Alkaptonuria

Alkaptonuria is a rare disorder that occurs due to the buildup of homogentisic acid in the body. Resulting in urine or blackened body parts. Alkaptonuria is a genetic disorder inherited from parents. Symptoms of this disease are often overlooked and are seen after sufferers are aged 20-30 years. Homogentisic acid buildup occurs slowly causing cartilage, tendons, bones, nails or black colored ears.

Patients with alkaptonuria can live a normal life, even though the quality of life is disrupted due to joint pain or interference with the heart.

The symptoms.

• Symptoms of alkaptonuria can occur from infancy, marked by black spots on baby diapers.
• Symptoms become more apparent with age in the eyes, ears, nails, skin or other organs.
• Change the color of sweat.
• Nails turn blue.
• Skin color changes on the forehead, cheeks, armpits and genital area.
• Brown or gray stain on the whites of the eyes.
• Ear cartilage turns black and blue (ochronosis).
• Earwax turns black or reddish brown.
• Early symptoms of osteoarthritis, such as pain or stiffness in the joints and spine, shoulders, pelvis, knees.
• Shortness of breath or difficulty breathing.
• Blood vessels become stiff and weak.
• Heart valve disease.
• Formed kidney stones, prostate or bladder.

Cause.

Normal circumstances, the body will break down two protein-forming compounds (amino acids), namely tyrosine and phenylalanine through a series of chemical reactions. In the condition of alkaptonuria, the body cannot produce enough of the enzyme homogentisate oxidase. This enzyme is needed to break down the metabolism of tyrosine in the form of homogentic acid. As a result, homogentic acid accumulates and then becomes a black pigment in the body, some of it is excreted in urine.
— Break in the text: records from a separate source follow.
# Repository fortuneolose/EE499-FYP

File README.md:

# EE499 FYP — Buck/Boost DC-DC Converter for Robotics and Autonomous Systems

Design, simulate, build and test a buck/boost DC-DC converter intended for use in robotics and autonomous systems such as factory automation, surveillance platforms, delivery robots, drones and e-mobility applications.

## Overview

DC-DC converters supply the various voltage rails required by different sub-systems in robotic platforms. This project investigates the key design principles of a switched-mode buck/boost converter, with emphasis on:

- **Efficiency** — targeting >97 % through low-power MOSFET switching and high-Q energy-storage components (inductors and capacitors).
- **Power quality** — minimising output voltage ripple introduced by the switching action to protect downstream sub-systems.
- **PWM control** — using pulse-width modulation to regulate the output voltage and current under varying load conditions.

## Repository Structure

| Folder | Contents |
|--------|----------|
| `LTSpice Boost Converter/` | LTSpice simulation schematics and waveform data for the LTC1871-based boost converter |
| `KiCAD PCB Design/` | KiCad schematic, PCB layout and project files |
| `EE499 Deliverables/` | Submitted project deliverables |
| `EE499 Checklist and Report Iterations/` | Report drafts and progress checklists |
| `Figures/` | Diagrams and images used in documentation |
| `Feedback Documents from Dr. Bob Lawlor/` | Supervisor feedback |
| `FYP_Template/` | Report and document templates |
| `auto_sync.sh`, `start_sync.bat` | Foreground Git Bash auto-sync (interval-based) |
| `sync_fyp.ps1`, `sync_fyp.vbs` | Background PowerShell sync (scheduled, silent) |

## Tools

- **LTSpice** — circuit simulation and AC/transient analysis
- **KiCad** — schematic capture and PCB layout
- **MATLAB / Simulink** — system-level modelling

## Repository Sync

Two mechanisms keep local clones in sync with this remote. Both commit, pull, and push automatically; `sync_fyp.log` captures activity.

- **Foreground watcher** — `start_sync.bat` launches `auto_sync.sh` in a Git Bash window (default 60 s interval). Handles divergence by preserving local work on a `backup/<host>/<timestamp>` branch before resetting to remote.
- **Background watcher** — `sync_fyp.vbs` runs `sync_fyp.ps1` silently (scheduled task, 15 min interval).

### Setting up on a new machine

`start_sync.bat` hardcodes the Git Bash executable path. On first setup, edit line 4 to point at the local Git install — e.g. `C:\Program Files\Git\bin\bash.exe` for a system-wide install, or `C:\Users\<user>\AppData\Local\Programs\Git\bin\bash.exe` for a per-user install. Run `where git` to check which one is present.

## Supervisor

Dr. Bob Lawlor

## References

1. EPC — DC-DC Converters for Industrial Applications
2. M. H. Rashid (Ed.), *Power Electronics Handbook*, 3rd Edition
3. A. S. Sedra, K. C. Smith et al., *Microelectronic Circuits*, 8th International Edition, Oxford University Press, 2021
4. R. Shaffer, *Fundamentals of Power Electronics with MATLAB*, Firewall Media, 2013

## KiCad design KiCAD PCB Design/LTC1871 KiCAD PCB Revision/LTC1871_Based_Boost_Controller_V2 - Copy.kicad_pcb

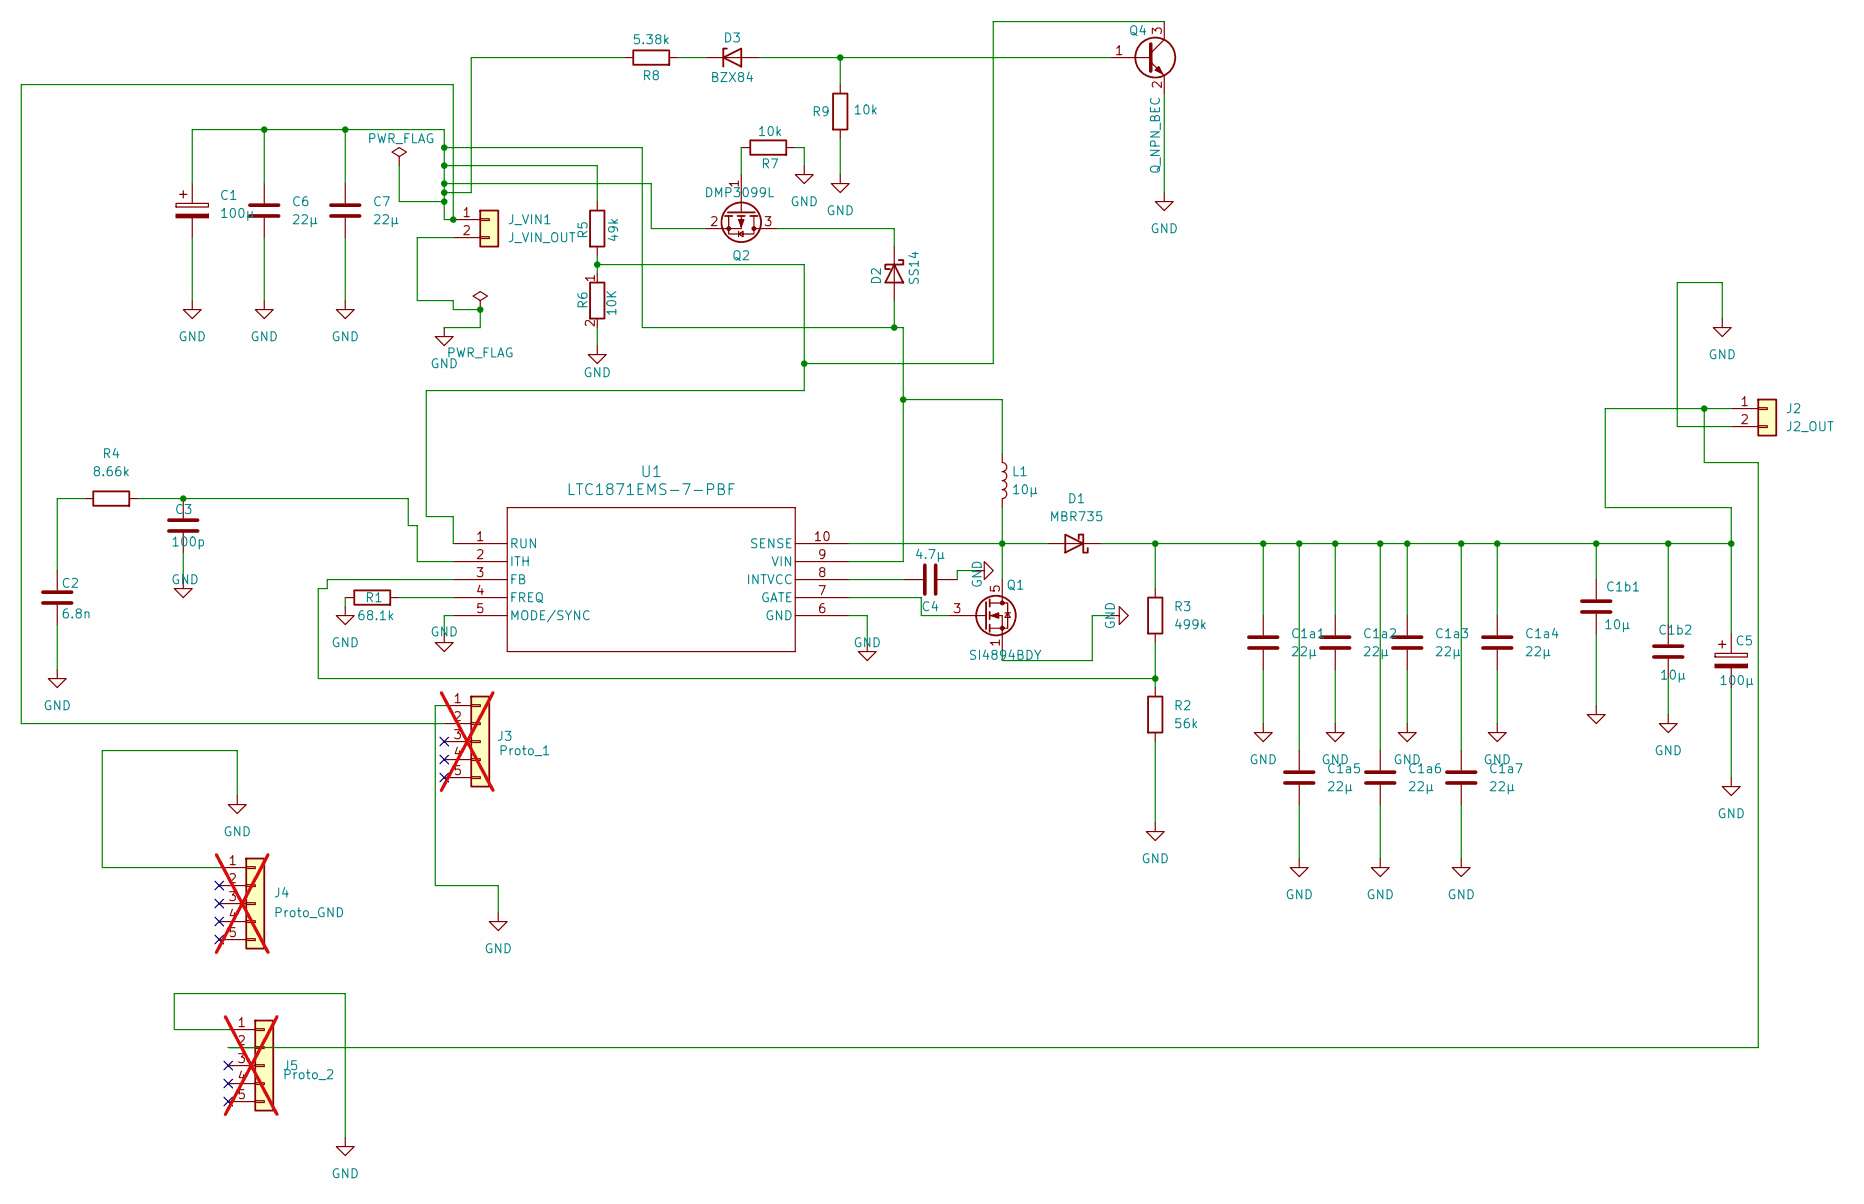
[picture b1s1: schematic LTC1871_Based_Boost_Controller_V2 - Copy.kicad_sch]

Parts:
C1, C5: 100µ; CP_Radial_D8.0mm_P3.50mm
C1a1, C1a2, C1a3, C1a4, C1a5, C1a6, C1a7, C6, C7: 22µ; C_1206_3216Metric
C1b1, C1b2: 10µ; C_0805_2012Metric
C2: 6.8n; C_0805_2012Metric
C3: 100p; C_0805_2012Metric
C4: 4.7µ; C_0805_2012Metric
D1: MBR735; TO-220-2_Vertical
D2: SS14; D_SMA
D3: BZX84; SOT-23
J2: J2_OUT; PinHeader_1x02_P2.54mm_Vertical
J3: Proto_1; PinHeader_1x05_P2.54mm_Vertical; not fitted
J4: Proto_GND; PinHeader_1x05_P2.54mm_Vertical; not fitted
J5: Proto_2; PinHeader_1x05_P2.54mm_Vertical; not fitted
J_VIN1: J_VIN_OUT; PinHeader_1x02_P2.54mm_Vertical
L1: 10µ; L_Coilcraft_XAL6060-XXX
Q1: SI4894BDY; SOIC-8_3.9x4.9mm_P1.27mm
Q2: DMP3099L; SOT-23
Q4: Q_NPN_BEC; SOT-23
R1: 68.1k; R_0805_2012Metric
R2: 56k; R_0805_2012Metric
R3: 499k; R_0805_2012Metric
R4: 8.66k; R_0805_2012Metric
R5: 49k; R_0805_2012Metric
R6: 10K; R_0805_2012Metric
R7: 10k; R_0805_2012Metric
R8: 5.38k; R_0402_1005Metric
R9: 10k; R_0402_1005Metric
U1: LTC1871EMS-7-PBF; MSOP-10_3x3mm_P0.5mm

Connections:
GND: C1.2, C1a1.2, C1a2.2, C1a3.2, C1a4.2, C1a5.2, C1a6.2, C1a7.2, C1b1.2, C1b2.2, C2.2, C3.2, C4.2, C5.2, C6.2, C7.2, J2.2, J3.1, J4.1 (Pin_1_1), J5.1, J_VIN1.2, Q1.1 (S), Q1.2 (Source), Q1.4 (Source), Q4.2 (E), R1.1, R2.2, R6.2, R7.2, R9.2, U1.5 (MODE/SYNC), U1.6 (GND)
unnamed: C2.1, R4.1
unnamed: D1.2 (A), L1.2, Q1.5 (D), Q1.6 (Drain), Q1.7 (Drain), Q1.8 (Drain), U1.10 (SENSE)
unnamed: C1a1.1, C1a2.1, C1a3.1, C1a4.1, C1a5.1, C1a6.1, C1a7.1, C1b1.1, C1b2.1, C5.1, D1.1 (K), J2.1, J5.2, R3.1
unnamed: C1.1, C6.1, C7.1, D2.2 (A), J3.2, J_VIN1.1, L1.1, Q2.2 (S), R5.1, R8.1, U1.9 (VIN)
unnamed: D2.1 (K), Q2.3 (D)
unnamed: D3.2 (A), Q4.1 (B), R9.1
unnamed: D3.1 (K), R8.2
unnamed: Q1.3 (G), U1.7 (GATE)
unnamed: Q2.1 (G), R7.1
unnamed: Q4.3 (C), R5.2, R6.1, U1.1 (RUN)
unnamed: R2.1, R3.2, U1.3 (FB)
unnamed: R1.2, U1.4 (FREQ)
unnamed: C4.1, U1.8 (INTVCC)
unnamed: C3.1, R4.2, U1.2 (ITH)

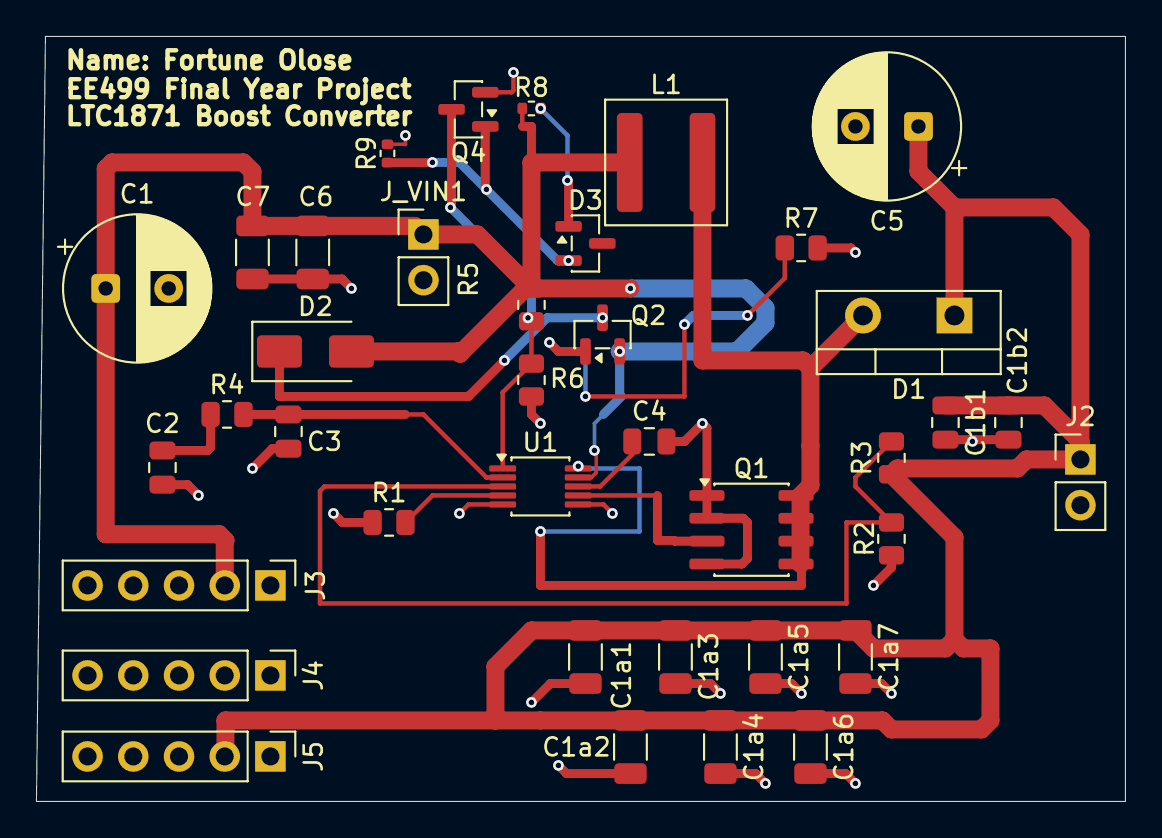
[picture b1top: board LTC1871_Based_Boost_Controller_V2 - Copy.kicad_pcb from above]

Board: 2 copper layers, 60.5 x 42.5 mm, 38 parts (0 on the bottom side), 15 nets.

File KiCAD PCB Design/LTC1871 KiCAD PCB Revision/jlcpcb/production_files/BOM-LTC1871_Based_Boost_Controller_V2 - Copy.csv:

Comment,Designator,Footprint,LCSC,Quantity
8.66k,R4,R_0805_2012Metric,,1
100p,C3,C_0805_2012Metric,,1
J_VIN_OUT,J_VIN1,PinHeader_1x02_P2.54mm_Vertical,,1
10µ,C1b2,C_0805_2012Metric,,1
J2_OUT,J2,PinHeader_1x02_P2.54mm_Vertical,,1
56k,R2,R_0805_2012Metric,,1
22µ,C1a4,C_1206_3216Metric,,1
49k,R5,R_0805_2012Metric,,1
22µ,C1a7,C_1206_3216Metric,,1
100µ,C5,CP_Radial_D8.0mm_P3.50mm,,1
22µ,C1a3,C_1206_3216Metric,,1
4.7µ,C4,C_0805_2012Metric,,1
6.8n,C2,C_0805_2012Metric,,1
10k,R7,R_0805_2012Metric,,1
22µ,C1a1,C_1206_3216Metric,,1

• The inability of the body to produce the enzyme homogentisate oxidase is caused by a mutation in the gene producing the enzyme, namely genhomogentisate 1,2-dioxygenase (HGD).
• This disorder is inherited in an autosomal recessive manner, meaning that the gene mutation must be inherited from the two new parents causing this disorder, not just one.

Diagnosis.

• Urine examination to see homogentic acid content in urine.
• DNA testing to see if HGD gene mutations occur in the body.

Treatment.

• Slow the progression of the disease by adopting a diet low in protein to reduce levels of tyrosine and phenylalanine in the body.
• Provision of vitamin C to slow the buildup of homogentic acid in bones and cartilage.
• The administration of drug bernamanitisinone.
• Giving nitisinone to reduce levels of homogentic acid in the body. Nitisinone is an inhibitor of the enzymes that make up homogentic acid.

To prevent complications :

• Take pain relievers and inflammatory drugs to reduce joint pain.
• Physiotherapy with the help of a transcutaneous electrical nerve stimulation (TENS) tool to numb the spinal cord so that the pain subsides.
• Regular, moderate exercise to strengthen muscles and joints.